Build for being unavailable. At some point you go on vacation or you get sick. SafeWay has health checks that alert to my phone, a runbook I can follow on hotel wifi, and zero silent failure modes in the critical path. “Silent failure” means the app appears healthy while data is being lost or not delivered. I instrumented every queue flush, every push delivery response, every schema migration step. If something is wrong I want a noisy alert, not a support email three days later.
What’s next
Four years of production use teaches you things you cannot learn from first principles. The domain model I shipped in 2021 reflected my understanding of how safety supervisors work. The model I would design today reflects how they actually work — which is different in ways that matter for data structure and UX flow.
The rewrite is in progress. Flutter for the mobile app: one codebase, proper native performance, a rendering model that doesn’t fight you when you need custom UI for offline state indicators.

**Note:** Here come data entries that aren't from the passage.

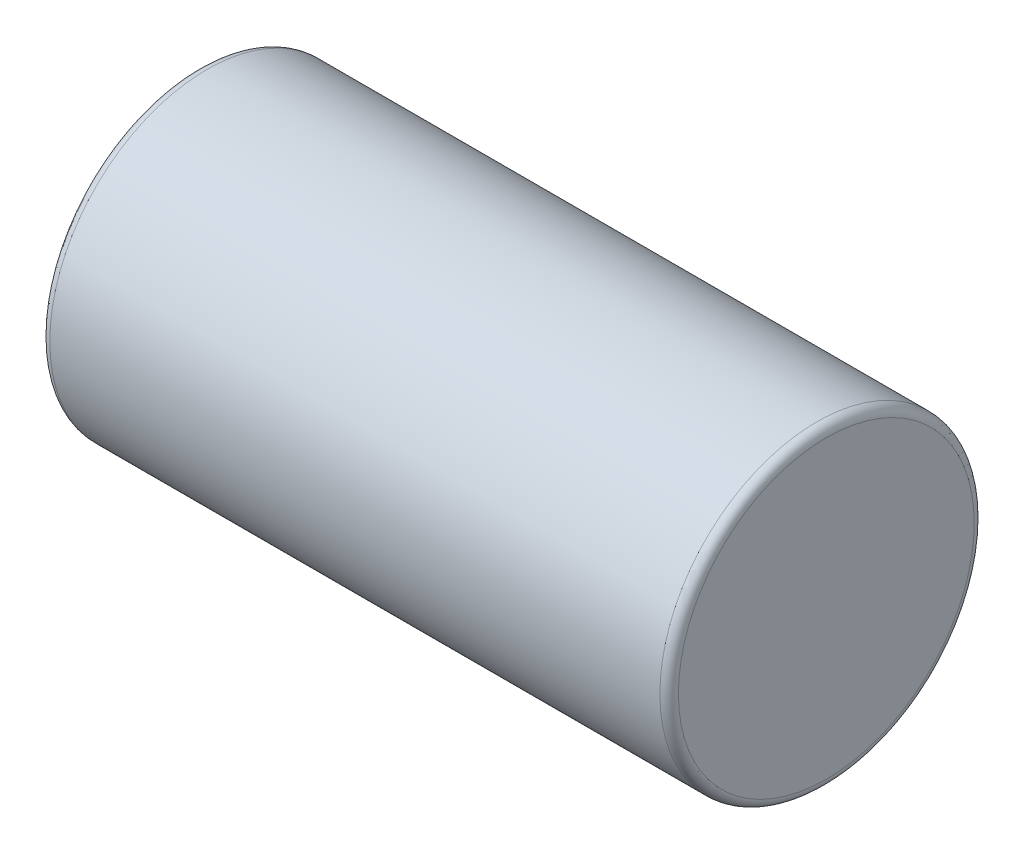
ISO-10303-21;
HEADER;
FILE_DESCRIPTION(('STEP AP214'),'2;1');
FILE_NAME('part.step','',(''),(''),'','','');
FILE_SCHEMA(('AUTOMOTIVE_DESIGN { 1 0 10303 214 1 1 1 1 }'));
ENDSEC;
DATA;
#1=APPLICATION_CONTEXT('core data for automotive mechanical design processes');
#2=APPLICATION_PROTOCOL_DEFINITION('international standard','automotive_design',2000,#1);
#3=PRODUCT_CONTEXT('',#1,'mechanical');
#4=PRODUCT('Part','Part','',(#3));
#5=PRODUCT_RELATED_PRODUCT_CATEGORY('part','',(#4));
#6=PRODUCT_DEFINITION_FORMATION('','',#4);
#7=PRODUCT_DEFINITION_CONTEXT('part definition',#1,'design');
#8=PRODUCT_DEFINITION('design','',#6,#7);
#9=PRODUCT_DEFINITION_SHAPE('','',#8);
#10=(LENGTH_UNIT() NAMED_UNIT(*) SI_UNIT(.MILLI.,.METRE.));
#11=(NAMED_UNIT(*) PLANE_ANGLE_UNIT() SI_UNIT($,.RADIAN.));
#12=(NAMED_UNIT(*) SI_UNIT($,.STERADIAN.) SOLID_ANGLE_UNIT());
#13=UNCERTAINTY_MEASURE_WITH_UNIT(LENGTH_MEASURE(1.E-05),#10,'distance_accuracy_value','');
#14=(GEOMETRIC_REPRESENTATION_CONTEXT(3) GLOBAL_UNCERTAINTY_ASSIGNED_CONTEXT((#13)) GLOBAL_UNIT_ASSIGNED_CONTEXT((#10,
#11,#12)) REPRESENTATION_CONTEXT('',''));
#15=CARTESIAN_POINT('',(0.,0.,0.));
#16=DIRECTION('',(0.,0.,1.));
#17=DIRECTION('',(1.,0.,0.));
#18=AXIS2_PLACEMENT_3D('',#15,#16,#17);
#19=CARTESIAN_POINT('',(-34.,0.,0.));
#20=DIRECTION('',(1.,0.,0.));
#21=DIRECTION('',(0.,0.,-1.));
#22=AXIS2_PLACEMENT_3D('',#19,#20,#21);
#23=CYLINDRICAL_SURFACE('',#22,8.5);
#24=CARTESIAN_POINT('',(-0.5,0.,0.));
#25=DIRECTION('',(1.,0.,0.));
#26=DIRECTION('',(0.,0.,-1.));
#27=AXIS2_PLACEMENT_3D('',#24,#25,#26);
#28=CIRCLE('',#27,8.5);
#29=CARTESIAN_POINT('',(-0.5,0.,-8.5));
#30=VERTEX_POINT('',#29);
#31=EDGE_CURVE('E40',#30,#30,#28,.F.);
#32=ORIENTED_EDGE('',*,*,#31,.T.);
#33=EDGE_LOOP('',(#32));
#34=FACE_BOUND('',#33,.T.);
#35=CARTESIAN_POINT('',(-33.5,0.,0.));
#36=DIRECTION('',(1.,0.,0.));
#37=DIRECTION('',(0.,0.,-1.));
#38=AXIS2_PLACEMENT_3D('',#35,#36,#37);
#39=CIRCLE('',#38,8.5);
#40=CARTESIAN_POINT('',(-33.5,0.,-8.5));
#41=VERTEX_POINT('',#40);
#42=EDGE_CURVE('E44',#41,#41,#39,.T.);
#43=ORIENTED_EDGE('',*,*,#42,.T.);
#44=EDGE_LOOP('',(#43));
#45=FACE_BOUND('',#44,.T.);
#46=ADVANCED_FACE('F33',(#34,#45),#23,.T.);
#47=CARTESIAN_POINT('',(-34.,0.,0.));
#48=DIRECTION('',(1.,0.,0.));
#49=DIRECTION('',(0.,0.,-1.));
#50=AXIS2_PLACEMENT_3D('',#47,#48,#49);
#51=PLANE('',#50);
#52=CARTESIAN_POINT('',(-34.,0.,0.));
#53=DIRECTION('',(1.,0.,0.));
#54=DIRECTION('',(0.,0.,-1.));
#55=AXIS2_PLACEMENT_3D('',#52,#53,#54);
#56=CIRCLE('',#55,8.);
#57=CARTESIAN_POINT('',(-34.,0.,-8.));
#58=VERTEX_POINT('',#57);
#59=EDGE_CURVE('E10',#58,#58,#56,.F.);
#60=ORIENTED_EDGE('',*,*,#59,.T.);
#61=EDGE_LOOP('',(#60));
#62=FACE_BOUND('',#61,.T.);
#63=ADVANCED_FACE('F64',(#62),#51,.F.);
#64=CARTESIAN_POINT('',(0.,0.,0.));
#65=DIRECTION('',(1.,0.,0.));
#66=DIRECTION('',(0.,0.,-1.));
#67=AXIS2_PLACEMENT_3D('',#64,#65,#66);
#68=PLANE('',#67);
#69=CARTESIAN_POINT('',(0.,0.,0.));
#70=DIRECTION('',(1.,0.,0.));
#71=DIRECTION('',(0.,0.,-1.));
#72=AXIS2_PLACEMENT_3D('',#69,#70,#71);
#73=CIRCLE('',#72,8.);
#74=CARTESIAN_POINT('',(0.,0.,-8.));
#75=VERTEX_POINT('',#74);
#76=EDGE_CURVE('E48',#75,#75,#73,.T.);
#77=ORIENTED_EDGE('',*,*,#76,.T.);
#78=EDGE_LOOP('',(#77));
#79=FACE_BOUND('',#78,.T.);
#80=ADVANCED_FACE('F54',(#79),#68,.T.);
#81=CARTESIAN_POINT('',(-0.5,0.,0.));
#82=DIRECTION('',(1.,0.,0.));
#83=DIRECTION('',(0.,0.,-1.));
#84=AXIS2_PLACEMENT_3D('',#81,#82,#83);
#85=TOROIDAL_SURFACE('',#84,8.,0.5);
#86=ORIENTED_EDGE('',*,*,#31,.F.);
#87=EDGE_LOOP('',(#86));
#88=FACE_BOUND('',#87,.T.);
#89=ORIENTED_EDGE('',*,*,#76,.F.);
#90=EDGE_LOOP('',(#89));
#91=FACE_BOUND('',#90,.T.);
#92=ADVANCED_FACE('F56',(#88,#91),#85,.T.);
#93=CARTESIAN_POINT('',(-33.5,0.,0.));
#94=DIRECTION('',(1.,0.,0.));
#95=DIRECTION('',(0.,0.,-1.));
#96=AXIS2_PLACEMENT_3D('',#93,#94,#95);
#97=TOROIDAL_SURFACE('',#96,8.,0.5);
#98=ORIENTED_EDGE('',*,*,#59,.F.);
#99=EDGE_LOOP('',(#98));
#100=FACE_BOUND('',#99,.T.);
#101=ORIENTED_EDGE('',*,*,#42,.F.);
#102=EDGE_LOOP('',(#101));
#103=FACE_BOUND('',#102,.T.);
#104=ADVANCED_FACE('F35',(#100,#103),#97,.T.);
#105=CLOSED_SHELL('',(#46,#63,#80,#92,#104));
#106=MANIFOLD_SOLID_BREP('B2',#105);
#107=ADVANCED_BREP_SHAPE_REPRESENTATION('',(#18,#106),#14);
#108=SHAPE_DEFINITION_REPRESENTATION(#9,#107);
ENDSEC;
END-ISO-10303-21;

Django-Ninja for the backend — the same stack I chose for Art Way, and the choice I’d make again. The offline-first patterns from v1 are being ported, not discarded; the core insight about sync being first-class is still correct.
When v2 ships I’ll write the detailed technical post: what the new offline sync layer looks like in Flutter, how the Django-Ninja API design changed from the Flask Blueprints, and what the domain model rethink cost in migration complexity. That post will have the specifics. This one is the retrospective.
If you’re early in a solo B2B mobile product: validate offline-first as a hard requirement on day one, add error monitoring before your first user, and accept that the stack choices that feel cautious in year one are the ones you’ll thank yourself for in year four.